RESEARCH DESIGN AND METHODS In a historical prospective cohort study of subjects from the Clalit Health Services database, which includes information on nearly 4 million people, diabetes-free subjects aged 40–70 years with serum 25-hydroxyvitamin D (25-OHD) measurements available were followed up for 2 years to assess the development of IFG and diabetes in five 25-OHD subgroups: ≥25, 25.1–37.5, 37.6–50, 50.1–75, and >75 nmol/L.

RESULTS The baseline cohort included 117,960 adults: 83,526 normoglycemic subjects and 34,434 subjects with IFG. During follow-up, 8,629 subjects (10.3% of the normoglycemic group) developed IFG, and 2,162 subjects (1.8% of the total cohort) progressed to diabetes. A multivariable model adjusted for age, sex, population group, immigrant status, BMI, season of vitamin D measurement, LDL and HDL cholesterol, triglycerides, estimated glomerular filtration rate, history of hypertension or cardiovascular disease, Charlson comorbidity index, smoking, and socioeconomic status revealed an inverse association between 25-OHD and the risk of progression to IFG and diabetes.
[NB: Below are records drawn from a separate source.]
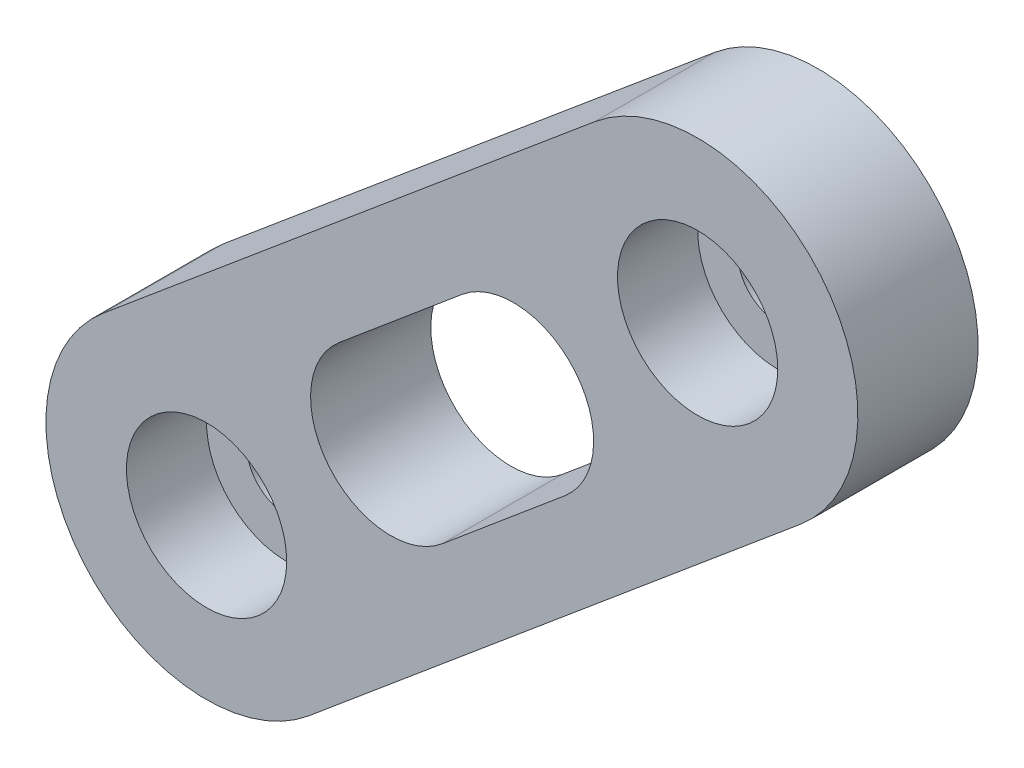
ISO-10303-21;
HEADER;
FILE_DESCRIPTION(('STEP AP214'),'2;1');
FILE_NAME('part.step','',(''),(''),'','','');
FILE_SCHEMA(('AUTOMOTIVE_DESIGN { 1 0 10303 214 1 1 1 1 }'));
ENDSEC;
DATA;
#1=APPLICATION_CONTEXT('core data for automotive mechanical design processes');
#2=APPLICATION_PROTOCOL_DEFINITION('international standard','automotive_design',2000,#1);
#3=PRODUCT_CONTEXT('',#1,'mechanical');
#4=PRODUCT('Part','Part','',(#3));
#5=PRODUCT_RELATED_PRODUCT_CATEGORY('part','',(#4));
#6=PRODUCT_DEFINITION_FORMATION('','',#4);
#7=PRODUCT_DEFINITION_CONTEXT('part definition',#1,'design');
#8=PRODUCT_DEFINITION('design','',#6,#7);
#9=PRODUCT_DEFINITION_SHAPE('','',#8);
#10=(LENGTH_UNIT() NAMED_UNIT(*) SI_UNIT(.MILLI.,.METRE.));
#11=(NAMED_UNIT(*) PLANE_ANGLE_UNIT() SI_UNIT($,.RADIAN.));
#12=(NAMED_UNIT(*) SI_UNIT($,.STERADIAN.) SOLID_ANGLE_UNIT());
#13=UNCERTAINTY_MEASURE_WITH_UNIT(LENGTH_MEASURE(1.E-05),#10,'distance_accuracy_value','');
#14=(GEOMETRIC_REPRESENTATION_CONTEXT(3) GLOBAL_UNCERTAINTY_ASSIGNED_CONTEXT((#13)) GLOBAL_UNIT_ASSIGNED_CONTEXT((#10,
#11,#12)) REPRESENTATION_CONTEXT('',''));
#15=CARTESIAN_POINT('',(0.,0.,0.));
#16=DIRECTION('',(0.,0.,1.));
#17=DIRECTION('',(1.,0.,0.));
#18=AXIS2_PLACEMENT_3D('',#15,#16,#17);
#19=CARTESIAN_POINT('',(432.405497453474,355.964528743967,19.05));
#20=DIRECTION('',(0.,0.,-1.));
#21=DIRECTION('',(-1.,0.,0.));
#22=AXIS2_PLACEMENT_3D('',#19,#20,#21);
#23=CYLINDRICAL_SURFACE('',#22,6.34999999999999);
#24=CARTESIAN_POINT('',(432.405497453474,355.964528743967,0.));
#25=DIRECTION('',(0.,0.,1.));
#26=DIRECTION('',(1.,0.,0.));
#27=AXIS2_PLACEMENT_3D('',#24,#25,#26);
#28=CIRCLE('',#27,6.34999999999999);
#29=CARTESIAN_POINT('',(426.055497453474,355.964528743967,0.));
#30=VERTEX_POINT('',#29);
#31=EDGE_CURVE('E125',#30,#30,#28,.T.);
#32=CARTESIAN_POINT('',(432.405497453474,355.964528743967,6.35));
#33=DIRECTION('',(0.,0.,1.));
#34=DIRECTION('',(1.,0.,0.));
#35=AXIS2_PLACEMENT_3D('',#32,#33,#34);
#36=CIRCLE('',#35,6.34999999999999);
#37=CARTESIAN_POINT('',(426.055497453474,355.964528743967,6.35));
#38=VERTEX_POINT('',#37);
#39=EDGE_CURVE('E43',#38,#38,#36,.T.);
#40=CARTESIAN_POINT('',(426.055497453474,355.964528743967,0.));
#41=CARTESIAN_POINT('',(426.055497453474,355.964528743967,0.0661458333333329));
#42=CARTESIAN_POINT('',(426.055497453474,355.964528743967,0.132291666666666));
#43=CARTESIAN_POINT('',(426.055497453474,355.964528743967,0.264583333333333));
#44=CARTESIAN_POINT('',(426.055497453474,355.964528743967,0.330729166666667));
#45=CARTESIAN_POINT('',(426.055497453474,355.964528743967,0.463020833333334));
#46=CARTESIAN_POINT('',(426.055497453474,355.964528743967,0.529166666666667));
#47=CARTESIAN_POINT('',(426.055497453474,355.964528743967,0.661458333333333));
#48=CARTESIAN_POINT('',(426.055497453474,355.964528743967,0.727604166666666));
#49=CARTESIAN_POINT('',(426.055497453474,355.964528743967,0.859895833333334));
#50=CARTESIAN_POINT('',(426.055497453474,355.964528743967,0.926041666666668));
#51=CARTESIAN_POINT('',(426.055497453474,355.964528743967,1.05833333333333));
#52=CARTESIAN_POINT('',(426.055497453474,355.964528743967,1.12447916666667));
#53=CARTESIAN_POINT('',(426.055497453474,355.964528743967,1.25677083333333));
#54=CARTESIAN_POINT('',(426.055497453474,355.964528743967,1.32291666666667));
#55=CARTESIAN_POINT('',(426.055497453474,355.964528743967,1.45520833333333));
#56=CARTESIAN_POINT('',(426.055497453474,355.964528743967,1.52135416666667));
#57=CARTESIAN_POINT('',(426.055497453474,355.964528743967,1.65364583333333));
#58=CARTESIAN_POINT('',(426.055497453474,355.964528743967,1.71979166666667));
#59=CARTESIAN_POINT('',(426.055497453474,355.964528743967,1.85208333333333));
#60=CARTESIAN_POINT('',(426.055497453474,355.964528743967,1.91822916666667));
#61=CARTESIAN_POINT('',(426.055497453474,355.964528743967,2.05052083333333));
#62=CARTESIAN_POINT('',(426.055497453474,355.964528743967,2.11666666666667));
#63=CARTESIAN_POINT('',(426.055497453474,355.964528743967,2.24895833333333));
#64=CARTESIAN_POINT('',(426.055497453474,355.964528743967,2.31510416666667));
#65=CARTESIAN_POINT('',(426.055497453474,355.964528743967,2.44739583333333));
#66=CARTESIAN_POINT('',(426.055497453474,355.964528743967,2.51354166666667));
#67=CARTESIAN_POINT('',(426.055497453474,355.964528743967,2.64583333333333));
#68=CARTESIAN_POINT('',(426.055497453474,355.964528743967,2.71197916666667));
#69=CARTESIAN_POINT('',(426.055497453474,355.964528743967,2.84427083333333));
#70=CARTESIAN_POINT('',(426.055497453474,355.964528743967,2.91041666666667));
#71=CARTESIAN_POINT('',(426.055497453474,355.964528743967,3.04270833333333));
#72=CARTESIAN_POINT('',(426.055497453474,355.964528743967,3.10885416666667));
#73=CARTESIAN_POINT('',(426.055497453474,355.964528743967,3.24114583333333));
#74=CARTESIAN_POINT('',(426.055497453474,355.964528743967,3.30729166666667));
#75=CARTESIAN_POINT('',(426.055497453474,355.964528743967,3.43958333333333));
#76=CARTESIAN_POINT('',(426.055497453474,355.964528743967,3.50572916666667));
#77=CARTESIAN_POINT('',(426.055497453474,355.964528743967,3.63802083333333));
#78=CARTESIAN_POINT('',(426.055497453474,355.964528743967,3.70416666666667));
#79=CARTESIAN_POINT('',(426.055497453474,355.964528743967,3.83645833333333));
#80=CARTESIAN_POINT('',(426.055497453474,355.964528743967,3.90260416666667));
#81=CARTESIAN_POINT('',(426.055497453474,355.964528743967,4.03489583333333));
#82=CARTESIAN_POINT('',(426.055497453474,355.964528743967,4.10104166666667));
#83=CARTESIAN_POINT('',(426.055497453474,355.964528743967,4.23333333333333));
#84=CARTESIAN_POINT('',(426.055497453474,355.964528743967,4.29947916666667));
#85=CARTESIAN_POINT('',(426.055497453474,355.964528743967,4.43177083333333));
#86=CARTESIAN_POINT('',(426.055497453474,355.964528743967,4.49791666666667));
#87=CARTESIAN_POINT('',(426.055497453474,355.964528743967,4.63020833333333));
#88=CARTESIAN_POINT('',(426.055497453474,355.964528743967,4.69635416666667));
#89=CARTESIAN_POINT('',(426.055497453474,355.964528743967,4.82864583333333));
#90=CARTESIAN_POINT('',(426.055497453474,355.964528743967,4.89479166666667));
#91=CARTESIAN_POINT('',(426.055497453474,355.964528743967,5.02708333333333));
#92=CARTESIAN_POINT('',(426.055497453474,355.964528743967,5.09322916666667));
#93=CARTESIAN_POINT('',(426.055497453474,355.964528743967,5.22552083333333));
#94=CARTESIAN_POINT('',(426.055497453474,355.964528743967,5.29166666666667));
#95=CARTESIAN_POINT('',(426.055497453474,355.964528743967,5.42395833333333));
#96=CARTESIAN_POINT('',(426.055497453474,355.964528743967,5.49010416666667));
#97=CARTESIAN_POINT('',(426.055497453474,355.964528743967,5.62239583333333));
#98=CARTESIAN_POINT('',(426.055497453474,355.964528743967,5.68854166666667));
#99=CARTESIAN_POINT('',(426.055497453474,355.964528743967,5.82083333333333));
#100=CARTESIAN_POINT('',(426.055497453474,355.964528743967,5.88697916666667));
#101=CARTESIAN_POINT('',(426.055497453474,355.964528743967,6.01927083333333));
#102=CARTESIAN_POINT('',(426.055497453474,355.964528743967,6.08541666666667));
#103=CARTESIAN_POINT('',(426.055497453474,355.964528743967,6.21770833333333));
#104=CARTESIAN_POINT('',(426.055497453474,355.964528743967,6.28385416666667));
#105=CARTESIAN_POINT('',(426.055497453474,355.964528743967,6.35));
#106=B_SPLINE_CURVE_WITH_KNOTS('',3,(#40,#41,#42,#43,#44,#45,#46,#47,#48,#49,#50,#51,#52,#53,
#54,#55,#56,#57,#58,#59,#60,#61,#62,#63,#64,#65,#66,#67,#68,#69,#70,#71,#72,#73,#74,#75,#76,#77,
#78,#79,#80,#81,#82,#83,#84,#85,#86,#87,#88,#89,#90,#91,#92,#93,#94,#95,#96,#97,#98,#99,#100,
#101,#102,#103,#104,#105),.UNSPECIFIED.,.F.,.F.,(4,2,2,2,2,2,2,2,2,2,2,2,2,2,2,2,2,2,2,2,2,2,2,
2,2,2,2,2,2,2,2,2,4),(0.,0.198437499999999,0.396875000000001,0.5953125,0.793749999999999,
0.992187500000002,1.190625,1.3890625,1.5875,1.7859375,1.984375,2.1828125,2.38125,2.5796875,
2.778125,2.9765625,3.175,3.3734375,3.571875,3.7703125,3.96875,4.1671875,4.365625,4.5640625,
4.7625,4.9609375,5.159375,5.3578125,5.55625,5.7546875,5.953125,6.1515625,6.35),.UNSPECIFIED.);
#107=EDGE_CURVE('BSEAM39',#30,#38,#106,.T.);
#108=ORIENTED_EDGE('',*,*,#31,.F.);
#109=ORIENTED_EDGE('',*,*,#39,.T.);
#110=ORIENTED_EDGE('',*,*,#107,.T.);
#111=ORIENTED_EDGE('',*,*,#107,.F.);
#112=EDGE_LOOP('',(#108,#110,#109,#111));
#113=FACE_BOUND('',#112,.T.);
#114=ADVANCED_FACE('F39',(#113),#23,.F.);
#115=CARTESIAN_POINT('',(354.575405537633,290.65732732289,19.05));
#116=DIRECTION('',(0.,0.,-1.));
#117=DIRECTION('',(-1.,0.,0.));
#118=AXIS2_PLACEMENT_3D('',#115,#116,#117);
#119=CYLINDRICAL_SURFACE('',#118,6.34999999999999);
#120=CARTESIAN_POINT('',(354.575405537633,290.65732732289,0.));
#121=DIRECTION('',(0.,0.,1.));
#122=DIRECTION('',(1.,0.,0.));
#123=AXIS2_PLACEMENT_3D('',#120,#121,#122);
#124=CIRCLE('',#123,6.34999999999999);
#125=CARTESIAN_POINT('',(348.225405537633,290.65732732289,0.));
#126=VERTEX_POINT('',#125);
#127=EDGE_CURVE('E143',#126,#126,#124,.T.);
#128=CARTESIAN_POINT('',(354.575405537633,290.65732732289,6.35));
#129=DIRECTION('',(0.,0.,1.));
#130=DIRECTION('',(1.,0.,0.));
#131=AXIS2_PLACEMENT_3D('',#128,#129,#130);
#132=CIRCLE('',#131,6.34999999999999);
#133=CARTESIAN_POINT('',(348.225405537633,290.65732732289,6.35));
#134=VERTEX_POINT('',#133);
#135=EDGE_CURVE('E198',#134,#134,#132,.T.);
#136=CARTESIAN_POINT('',(348.225405537633,290.65732732289,0.));
#137=CARTESIAN_POINT('',(348.225405537633,290.65732732289,0.0661458333333329));
#138=CARTESIAN_POINT('',(348.225405537633,290.65732732289,0.132291666666666));
#139=CARTESIAN_POINT('',(348.225405537633,290.65732732289,0.264583333333333));
#140=CARTESIAN_POINT('',(348.225405537633,290.65732732289,0.330729166666667));
#141=CARTESIAN_POINT('',(348.225405537633,290.65732732289,0.463020833333334));
#142=CARTESIAN_POINT('',(348.225405537633,290.65732732289,0.529166666666667));
#143=CARTESIAN_POINT('',(348.225405537633,290.65732732289,0.661458333333333));
#144=CARTESIAN_POINT('',(348.225405537633,290.65732732289,0.727604166666666));
#145=CARTESIAN_POINT('',(348.225405537633,290.65732732289,0.859895833333334));
#146=CARTESIAN_POINT('',(348.225405537633,290.65732732289,0.926041666666668));
#147=CARTESIAN_POINT('',(348.225405537633,290.65732732289,1.05833333333333));
#148=CARTESIAN_POINT('',(348.225405537633,290.65732732289,1.12447916666667));
#149=CARTESIAN_POINT('',(348.225405537633,290.65732732289,1.25677083333333));
#150=CARTESIAN_POINT('',(348.225405537633,290.65732732289,1.32291666666667));
#151=CARTESIAN_POINT('',(348.225405537633,290.65732732289,1.45520833333333));
#152=CARTESIAN_POINT('',(348.225405537633,290.65732732289,1.52135416666667));
#153=CARTESIAN_POINT('',(348.225405537633,290.65732732289,1.65364583333333));
#154=CARTESIAN_POINT('',(348.225405537633,290.65732732289,1.71979166666667));
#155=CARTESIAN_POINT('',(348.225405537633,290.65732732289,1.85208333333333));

The odds of transitioning from normoglycemia to IFG, from normoglycemia to diabetes, and from IFG to diabetes in subjects with a 25-OHD level ≤25 nmol/L were greater than those of subjects with a 25-OHD level >75 nmol/L [odds ratio 1.13 (95% CI 1.03–1.24), 1.77 (1.11–2.83), and 1.43 (1.16–1.76), respectively].

CONCLUSIONS Vitamin D deficiency appears to be an independent risk factor for the development of IFG and diabetes.


  • G.L. and R.D.B. share senior authorship.

  • Received June 4, 2012.
  • Accepted November 1, 2012.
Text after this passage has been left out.